Taraf defter ve kayıtları üzerinde inceleme yapılarak, davacı tarafın— tanzim ve —- vade tarihli ———-NO’lu ———— bedelli —– içeriği malların , davalı tarafın iddia ettiği gibi, malların 3. Kişilere satılmak ve satılmayan ürünlerin ise iade alınmak üzere teslim edilip edilmediği, taraflar arasında bu yönde bir iradenin olduğu tespit edildiği taktirde, ürünlerin ne kadarının satıldığı ne kadarının iadesinin gerektiği, bu kapsamda davacının davalıdan ne kadar alacağının kaldığı,konularında rapor tanzimi için dosyanın mahkememizce resen seçilecek bir Mali Müşavir bilirkişiye tevdine karar verilmiştir.
Bilirkişi tarafından tanzim edilen rapor mahkememizce teknik ve uzmanlık gerektiren hususlar yönünden denetime açık ve hüküm kurmaya elverişli görülerek hükme esas alınmıştır.

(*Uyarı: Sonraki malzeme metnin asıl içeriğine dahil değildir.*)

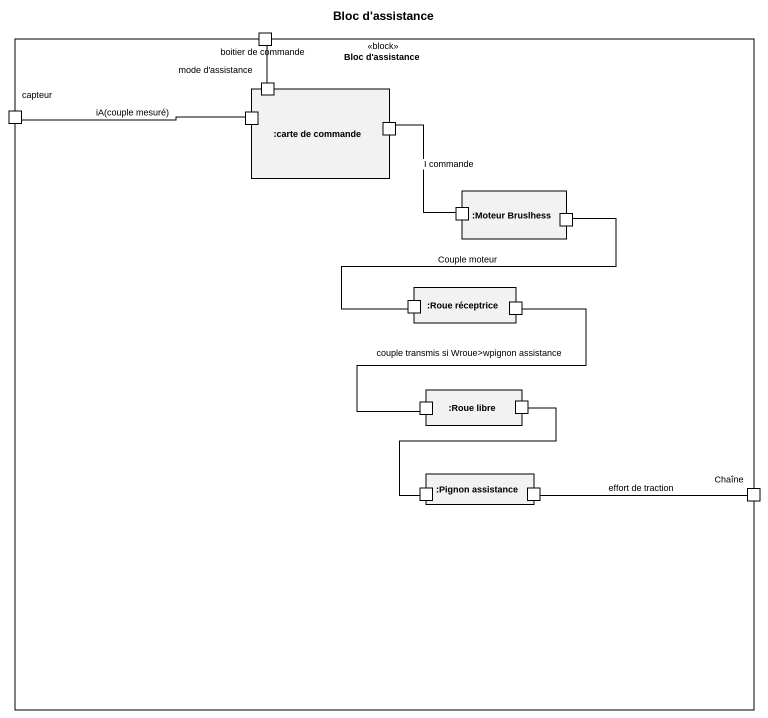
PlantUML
@startuml
title Bloc d'assistance
rectangle "Bloc d'assistance" as Bloc_d_assistance <<block>> {
  port "boitier de commande" as boitier_de_commande
  port capteur
  rectangle ":carte de commande" as carte_de_commande {
    port " " as port1
    port " " as port2
    port " " as port3
  }
  rectangle ":Moteur Bruslhess" as Moteur_Bruslhess {
    port " " as port4
    port " " as port5
  }
  rectangle ":Roue réceptrice" as Roue_réceptrice {
    port " " as port6
    port " " as port7
  }
  rectangle ":Roue libre" as Roue_libre {
    port " " as port8
    port " " as port9
  }
  rectangle ":Pignon assistance" as Pignon_assistance {
    port " " as port10
    port " " as port11
  }
  port Chaîne
}
boitier_de_commande -- port1 : mode d'assistance
capteur -right- port2 : iA(couple mesuré)
port3 -- port4 : I commande
port5 -left- port6 : Couple moteur
port7 -- port8 : couple transmis si Wroue>wpignon assistance
port9 -- port10
port11 -right- Chaîne : effort de traction
@enduml

Buna göre yukarıda da değinildiği üzere Taraflar arasında süre gelen bir ticari ilişkinin olduğuna ve —– vade tarihli———- NO’lu ——- bedelli — ve içeriğinin davalıya teslim edildiğine dair bir ihtilafın olmadığı, Taraflar arasındaki uyuşmazlığın; davacı tarafın —- tanzim ve —- vade tarihli —–NO’lu —– bedelli ——- içeriği malların , davalı tarafın iddia ettiği gibi, malların 3. Kişilere satılmak ve satılmayan ürünlerin ise iade alınmak üzere teslim edilip edilmediği, taraflar arasında bu yönde bir iradenin olduğu tespit edildiği taktirde, ürünlerin ne kadarının satıldığı ne kadarının iadesinin gerektiği, bu kapsamda davacının davalıdan ne kadar alacağının kaldığı, noktalarında taplanmaktadır.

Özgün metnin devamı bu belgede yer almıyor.